WHAT TO DO: From the line with "(OP 5 AREA_MILL_2)" to the line with "X205.191 Y372.292 Z42.505", retype every line exactly, including those two, and leave out the rest of the data below.

TASK INPUT:

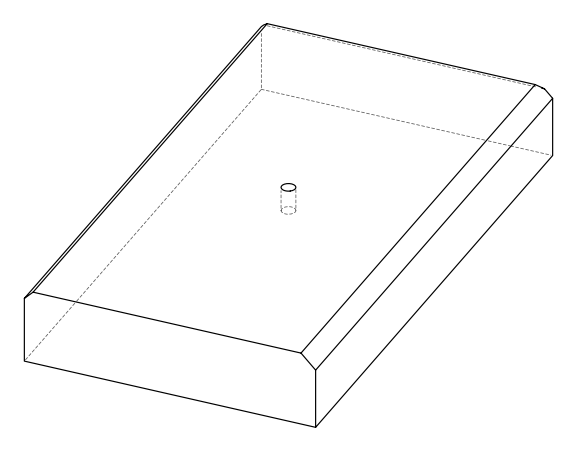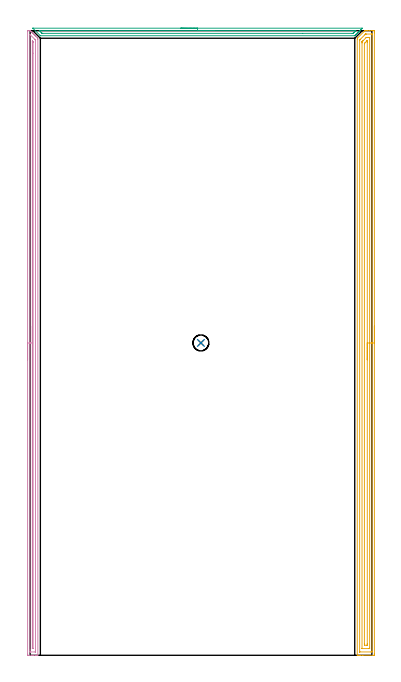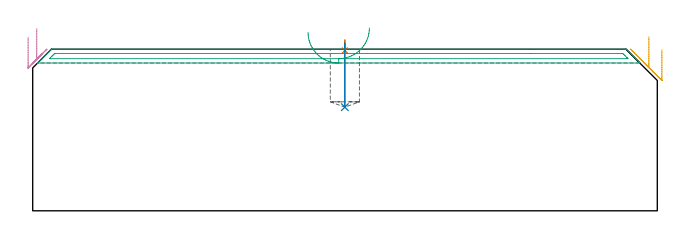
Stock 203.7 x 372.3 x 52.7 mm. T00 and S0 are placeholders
(PLAN: 5 operations, 2 tool changes, 24.5 min)
(1 SPOT_DRILL | STEP1POCKET | NXT0321_9005460120000 | 0.03 min | 1 mm3)
(2 DRILL_BLIND_HOLE_INTO_CENTER | STEP1POCKET | NXT0301_066 | 0.09 min | 1252 mm3)
(3 AREA_MILL | FG_CHAMFER_SURFACE | UGT0205_001 | 3.25 min | 2032 mm3)
(4 AREA_MILL_1 | FG_CHAMFER_SURFACE_1 | UGT0205_001 | 9.05 min | 6884 mm3)
(5 AREA_MILL_2 | FG_CHAMFER_SURFACE_2 | UGT0205_001 | 12.11 min | 19311 mm3)
(TOOL NXT0321_9005460120000 | NC Spot Drill, 142deg, 12mm, Carbide, Uncoated | D12 PA142 FL30 Z2)
(TOOL NXT0301_066 | Carbide Drill 9.5mm [860.1-0950-029A1-MM 2214] | D9.5 PA140 FL47 Z2)
(TOOL UGT0205_001 | Chamfer Mill 20 x 3 x 45 deg. | D20 FL50 Z2)
(OP 1 SPOT_DRILL)
G17 G21 G94 G90
T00 M6
G54
G17 G0 G90 X101.8 Y186.2 S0 M3
G43 Z62.7 H0
G94 G81 G98 Z52.291 F250. R55.7
G80
M5
M2
(OP 2 DRILL_BLIND_HOLE_INTO_CENTER)
G17 G21 G94 G90
T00 M6
G54
G17 G0 G90 X101.8 Y186.2 S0 M3
G43 Z62.7 H1
G94 G81 G98 Z33.8 F250. R54.7
G80
M5
M2
(OP 3 AREA_MILL)
G17 G21 G94 G90
T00 M6
G54
G17 G0 G90 X89.8 Y373.8 S1061 M3
G43 Z62.7 H0
Z58.2
G94 G1 X89.838 Z57.328 F250.
X89.952 Z56.464
X90.141 Z55.612
X90.403 Z54.78
X90.737 Z53.974
X91.14 Z53.2
X91.609 Z52.464
X92.14 Z51.772
X92.729 Z51.129
X93.372 Z50.54
X94.064 Z50.008
X94.8 Z49.54
X95.574 Z49.137
X96.38 Z48.803
X97.212 Z48.541
X98.064 Z48.352
X98.928 Z48.238
X99.8 Z48.2
X197.72
X197.986 Y373.798 Z48.202
X197.96 Y373.759 Z48.24
X197.519 Y373.317 Z48.679
X196.97 Y372.77 Z49.23
X196.636 Y372.434 Z49.562
X196.109 Y371.908 Z50.091
X195.752 Y371.55 Z50.446
X195.247 Y371.047 Z50.953
X194.868 Y370.666 Z51.33
X194.386 Y370.186 Z51.814
X193.984 Y369.783 Z52.214
X193.844 Y369.643 Z52.356
X193.646 Y369.446 Z52.553
X193.507 Y369.31 Z52.684
X193.496 Y369.304 Z52.689
X193.398 Y369.3 Z52.7
X6.202
X6.104 Y369.304 Z52.689
X6.093 Y369.31 Z52.684
X5.954 Y369.446 Z52.553
X1.745 Y373.655 Z48.343
X1.647 Y373.759 Z48.239
X1.617 Y373.794 Z48.204
X1.725 Y373.799 Z48.201
X1.745 Y373.8 Z48.2
X99.8
Y372.386 Z49.614
X193.844 Y372.385 Z49.615
X193.893
X194.116 Y372.376 Z49.624
X194.09 Y372.347 Z49.653
X194.014 Y372.265 Z49.735
X193.926 Y372.176 Z49.824
X193.844 Y372.093 Z49.907
X193.127 Y371.377 Z50.623
X192.952 Y371.202 Z50.798
X192.68 Y370.936 Z51.064
X192.471 Y370.733 Z51.267
X192.061 Y370.716 Z51.284
X192.012 Y370.715 Z51.285
X162.47 Y370.714 Z51.286
X7.491
X7.28 Y370.716 Z51.284
X7.176 Y370.719 Z51.281
X7.153 Y370.721 Z51.279
X7.112 Y370.749 Z51.251
X7.007 Y370.85 Z51.15
X6.648 Y371.202 Z50.798
X6.3 Y371.55 Z50.45
X5.756 Y372.093 Z49.907
X5.572 Y372.281 Z49.719
X5.503 Y372.355 Z49.645
X5.483 Y372.379 Z49.621
X5.506 Y372.381 Z49.619
X5.589 Y372.384 Z49.616
X5.756 Y372.386 Z49.614
X5.805
X99.8
X100.672 Z49.652
X101.537 Z49.766
X102.388 Z49.955
X103.22 Z50.217
X104.026 Z50.551
X104.8 Z50.954
X105.536 Z51.423
X106.228 Z51.954
X106.871 Z52.543
X107.46 Z53.186
X107.992 Z53.878
X108.46 Z54.614
X108.863 Z55.388
X109.197 Z56.194
X109.459 Z57.026
X109.648 Z57.878
X109.762 Z58.743
X109.8 Z59.614
G0 Z62.7
M5
M2
(OP 4 AREA_MILL_1)
G17 G21 G94 G90
T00 M6
G54
G17 G0 G90 X-1.5 Y176.15 S1061 M3
G43 Z62.7 H0
Z56.6
G94 G1 Y176.188 Z55.728 F250.
Y176.302 Z54.864
Y176.491 Z54.012
Y176.753 Z53.18
Y177.087 Z52.374
Y177.49 Z51.6
Y177.959 Z50.864
Y178.49 Z50.172
Y179.079 Z49.529
Y179.722 Z48.94
Y180.414 Z48.409
Y181.15 Z47.94
Y181.924 Z47.537
Y182.73 Z47.203
Y183.562 Z46.941
Y184.414 Z46.752
Y185.278 Z46.638
Y186.15 Z46.6
Y371.882
X-1.497 Y372.119 Z46.603
X-1.491 Y372.297 Z46.605
X-1.442 Y372.3 Z46.654
X-1.264 Z46.831
X-1.086 Z47.008
X-0.302 Z47.796
X-0.255 Z47.843
X0.091 Y372.299 Z48.187
X0.133 Y372.268 Z48.231
X0.511 Y371.889 Z48.611
X0.671 Y371.73 Z48.768
X0.729 Y371.672 Z48.828
X0.904 Y371.497 Z49.003
X0.964 Y371.437 Z49.061
X1.027 Y371.374 Z49.126
X1.192 Y371.209 Z49.291
X1.257 Y371.145 Z49.354
X1.325 Y371.076 Z49.424
X1.48 Y370.921 Z49.579
X1.55 Y370.852 Z49.646
X1.623 Y370.778 Z49.722
X1.768 Y370.633 Z49.867
X1.843 Y370.559 Z49.939
X1.921 Y370.48 Z50.02
X2.056 Y370.345 Z50.155
X2.136 Y370.266 Z50.232
X2.219 Y370.182 Z50.318
X2.344 Y370.056 Z50.443
X2.429 Y369.973 Z50.525
X2.517 Y369.884 Z50.616
X2.632 Y369.768 Z50.731
X2.722 Y369.68 Z50.818
X2.815 Y369.586 Z50.914
X2.92 Y369.48 Z51.019
X3.015 Y369.387 Z51.111
X3.113 Y369.288 Z51.212
X3.208 Y369.192 Z51.307
X3.308 Y369.094 Z51.404
X4.186 Y368.216 Z52.282
X4.305 Y368.095 Z52.404
X4.434 Y367.965 Z52.532
X4.6 Y367.795 Z52.685
Y367.201 Z52.7
Y0.181
X4.598 Y0.01 Z52.689
X4.434 Y0.002 Z52.527
X4.265 Y0. Z52.364
X4.02 Z52.12
X3.308 Z51.402
X2.073 Z50.169
X1.55 Z49.645
X0.933 Z49.028
X-1.086 Y0.001 Z47.01
X-1.311 Y0.004 Z46.785
X-1.492 Y0.01 Z46.605
X-1.496 Y0.211 Z46.602
X-1.499 Y0.628 Z46.601
X-1.5 Y186.15 Z46.6
X-0.086 Z48.014
X-0.085 Y369.884 Z48.015
X-0.084 Y369.97 Z48.016
X-0.081 Y370.011 Z48.019
X-0.08 Y370.017 Z48.02
X-0.072 Y370.013 Z48.028
X-0.032 Y369.979 Z48.068
X0.066 Y369.884 Z48.166
X2.748 Y367.201 Z50.848
X3.077 Y366.864 Z51.177
X3.171 Y366.767 Z51.271
X3.179 Y366.719 Z51.279
X3.182 Y366.624 Z51.282
X3.185 Y366.432 Z51.285
X3.186 Y2.541 Z51.286
X3.179 Y2.016 Z51.279
X3.155 Y2.01 Z51.255
X3.083 Y2.005 Z51.183
X2.974 Y2.001 Z51.074
X0.201 Y2. Z48.301
X-0.004 Y2.003 Z48.096
X-0.039 Y2.005 Z48.061
X-0.071 Y2.009 Z48.029
X-0.079 Y2.052 Z48.021
X-0.084 Y2.291 Z48.016
X-0.085 Y2.416 Z48.015
X-0.086 Y3.187 Z48.014
Y186.15
X1.328 Z49.428
X1.329 Y365.864 Z49.429
X1.33 Y366.014 Z49.43
X1.334 Y366.133 Z49.434
X1.336 Y366.155 Z49.436
X1.343 Y366.15 Z49.443
X1.373 Y366.123 Z49.473
X1.55 Y365.95 Z49.65
X1.682 Y365.816 Z49.782
X1.746 Y365.746 Z49.846
X1.76 Y365.729 Z49.86
X1.765 Y365.701 Z49.865
X1.767 Y365.638 Z49.867
X1.771 Y365.413 Z49.871
X1.772 Y358.9 Z49.872
X1.771 Y4.205 Z49.871
X1.77 Y4.092 Z49.87
X1.767 Y4.037 Z49.867
X1.765 Y4.015 Z49.865
X1.744 Y4.008 Z49.844
X1.55 Y4.007 Z49.65
X1.35 Y4.01 Z49.45
X1.335 Y4.014 Z49.435
X1.333 Y4.03 Z49.433
X1.33 Y4.069 Z49.43
X1.329 Y4.129 Z49.429
X1.328 Y4.205 Z49.428
Y186.15
Y187.022 Z49.467
Y187.887 Z49.58
Y188.738 Z49.769
Y189.57 Z50.032
Y190.376 Z50.365
Y191.15 Z50.768
Y191.886 Z51.237
Y192.578 Z51.768
Y193.221 Z52.357
Y193.81 Z53.001
Y194.342 Z53.693
Y194.81 Z54.428
Y195.213 Z55.202
Y195.547 Z56.008
Y195.809 Z56.84
Y195.998 Z57.692
Y196.112 Z58.557
Y196.15 Z59.428
G0 Z62.7
M5
M2
(OP 5 AREA_MILL_2)
G17 G21 G94 G90
T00 M6
G54
G17 G0 G90 X205.2 Y196.15 S1061 M3
G43 Z62.7 H0
Z52.5
G94 G1 Y196.112 Z51.628 F250.
Y195.998 Z50.764
Y195.809 Z49.912
Y195.547 Z49.08
Y195.213 Z48.274
Y194.81 Z47.5
Y194.342 Z46.764
Y193.81 Z46.072
Y193.221 Z45.429
Y192.578 Z44.84
Y191.886 Z44.308
Y191.15 Z43.84
Y190.376 Z43.437
Y189.57 Z43.103
Y188.738 Z42.841
Y187.886 Z42.652
Y187.022 Z42.538
Y186.15 Z42.5
Y0.893
X205.199 Y0.628 Z42.501
X205.192 Y0.007 Z42.506
X204.571 Y0. Z43.127
X198.312 Z49.383
X196.886 Z50.811
X196.523 Z51.172
X195.51 Z52.19
X195.04 Z52.651
X195.003 Y0.009 Z52.688
X195. Y0.181 Z52.7
Y367.201
X194.999 Y367.795 Z52.684
X195.154 Y367.955 Z52.543
X199.354 Y372.156 Z48.342
X199.425 Y372.228 Z48.268
X199.498 Y372.29 Z48.193
X199.567 Y372.299 Z48.124
X200.015 Y372.3 Z47.684
X200.269 Z47.43
X200.994 Z46.701
X202.251 Z45.446
X203.677 Z44.019
X204.305 Z43.391
X204.571 Y372.299 Z43.125
X205.191 Y372.292 Z42.505
X205.198 Y371.672 Z42.502
X205.2 Y371.043 Z42.5
Y186.15
X203.786 Z43.914
X203.785 Y2.416 Z43.915
X203.784 Y2.309 Z43.916
X203.781 Y2.198 Z43.919
X203.774 Y2.01 Z43.926
X203.677 Y2.008 Z44.023
X203.198 Y2.001 Z44.502
X196.523 Z51.177
X196.464 Y2.002 Z51.236
X196.428 Y2.006 Z51.272
X196.424 Y2.008 Z51.276
X196.421 Y2.028 Z51.279
X196.417 Y2.089 Z51.283
X196.415 Y2.307 Z51.285
X196.414 Y2.416 Z51.286
X196.415 Y366.416 Z51.285
X196.417 Y366.526 Z51.283
X196.421 Y366.739 Z51.279
X196.523 Y366.862 Z51.177
X196.69 Y367.035 Z51.01
X196.852 Y367.201 Z50.848
X199.533 Y369.884 Z48.167
X199.819 Y370.165 Z47.881
X199.914 Y370.256 Z47.786
X199.948 Y370.286 Z47.752
X199.996 Y370.29 Z47.704
X200.1 Y370.295 Z47.6
X200.578 Y370.3 Z47.122
X203.677 Y370.299 Z44.023
X203.736 Y370.298 Z43.964
X203.772 Y370.294 Z43.928
X203.777 Y370.292 Z43.923
X203.78 Y370.272 Z43.92
X203.783 Y370.211 Z43.917
X203.785 Y369.993 Z43.915
X203.786 Y369.884 Z43.914
Y186.15
X202.372 Z45.328
X202.371 Y4.205 Z45.329
X202.37 Y4.084 Z45.33
X202.367 Y4.025 Z45.333
X202.366 Y4.016 Z45.334
X202.354 Y4.01 Z45.346
X202.297 Y4.006 Z45.403
X202.092 Y4.001 Z45.608
X198.107 Z49.593
X197.971 Y4.003 Z49.729
X197.862 Y4.007 Z49.838
X197.834 Y4.01 Z49.866
X197.832 Y4.017 Z49.868
X197.831 Y4.044 Z49.869
X197.829 Y4.205 Z49.871
Y365.002
X197.831 Y365.413 Z49.869
X197.834 Y365.654 Z49.866
X197.835 Y365.711 Z49.865
X197.86 Y365.749 Z49.84
X197.916 Y365.809 Z49.784
X198.312 Y366.212 Z49.388
X198.359 Y366.26 Z49.341
X200.195 Y368.095 Z47.505
X200.356 Y368.253 Z47.344
X200.387 Y368.28 Z47.313
X200.401 Y368.29 Z47.299
X200.449 Y368.294 Z47.251
X200.585 Y368.298 Z47.115
X200.79 Y368.3 Z46.91
X200.994 Z46.706
X201.888 Z45.812
X202.093 Y368.299 Z45.607
X202.229 Y368.297 Z45.471
X202.338 Y368.293 Z45.362
X202.366 Y368.29 Z45.334
X202.368 Y368.283 Z45.332
X202.369 Y368.256 Z45.331
X202.371 Y368.095 Z45.329
X202.372 Y186.15 Z45.328
X200.957 Z46.743
Y6.887
X200.952 Y6.035 Z46.748
X200.951 Y6.011 Z46.749
X200.931 Y6.008 Z46.769
X200.876 Y6.004 Z46.824
X200.765 Y6.001 Z46.935
X199.433 Z48.267
X199.324 Y6.004 Z48.376
X199.269 Y6.008 Z48.431
X199.25 Y6.011 Z48.45
X199.243 Y6.887 Z48.457
Y364.519
X199.247 Y364.626 Z48.453
X199.249 Y364.675 Z48.451
X199.279 Y364.718 Z48.421
X199.414 Y364.859 Z48.286
X199.585 Y365.034 Z48.115
X199.962 Y365.413 Z47.738
X200.478 Y365.929 Z47.222
X200.614 Y366.065 Z47.086
X200.764 Y366.211 Z46.936
X200.823 Y366.264 Z46.877
X200.855 Y366.29 Z46.845
X200.881 Y366.291 Z46.819
X200.934 Y366.29 Z46.766
X200.95 Y366.279 Z46.75
X200.957 Y365.413 Z46.743
Y186.15
Y185.278 Z46.781
Y184.414 Z46.895
Y183.562 Z47.083
Y182.73 Z47.346
Y181.924 Z47.68
Y181.15 Z48.082
Y180.414 Z48.551
Y179.722 Z49.082
Y179.079 Z49.672
Y178.49 Z50.315
Y177.958 Z51.007
Y177.49 Z51.743
Y177.087 Z52.516
Y176.753 Z53.322
Y176.491 Z54.154
Y176.302 Z55.006
Y176.188 Z55.871
Y176.15 Z56.743
G0 Z62.7
M5
M2

WRITTEN ANSWER:
(OP 5 AREA_MILL_2)
G17 G21 G94 G90
T00 M6
G54
G17 G0 G90 X205.2 Y196.15 S1061 M3
G43 Z62.7 H0
Z52.5
G94 G1 Y196.112 Z51.628 F250.
Y195.998 Z50.764
Y195.809 Z49.912
Y195.547 Z49.08
Y195.213 Z48.274
Y194.81 Z47.5
Y194.342 Z46.764
Y193.81 Z46.072
Y193.221 Z45.429
Y192.578 Z44.84
Y191.886 Z44.308
Y191.15 Z43.84
Y190.376 Z43.437
Y189.57 Z43.103
Y188.738 Z42.841
Y187.886 Z42.652
Y187.022 Z42.538
Y186.15 Z42.5
Y0.893
X205.199 Y0.628 Z42.501
X205.192 Y0.007 Z42.506
X204.571 Y0. Z43.127
X198.312 Z49.383
X196.886 Z50.811
X196.523 Z51.172
X195.51 Z52.19
X195.04 Z52.651
X195.003 Y0.009 Z52.688
X195. Y0.181 Z52.7
Y367.201
X194.999 Y367.795 Z52.684
X195.154 Y367.955 Z52.543
X199.354 Y372.156 Z48.342
X199.425 Y372.228 Z48.268
X199.498 Y372.29 Z48.193
X199.567 Y372.299 Z48.124
X200.015 Y372.3 Z47.684
X200.269 Z47.43
X200.994 Z46.701
X202.251 Z45.446
X203.677 Z44.019
X204.305 Z43.391
X204.571 Y372.299 Z43.125
X205.191 Y372.292 Z42.505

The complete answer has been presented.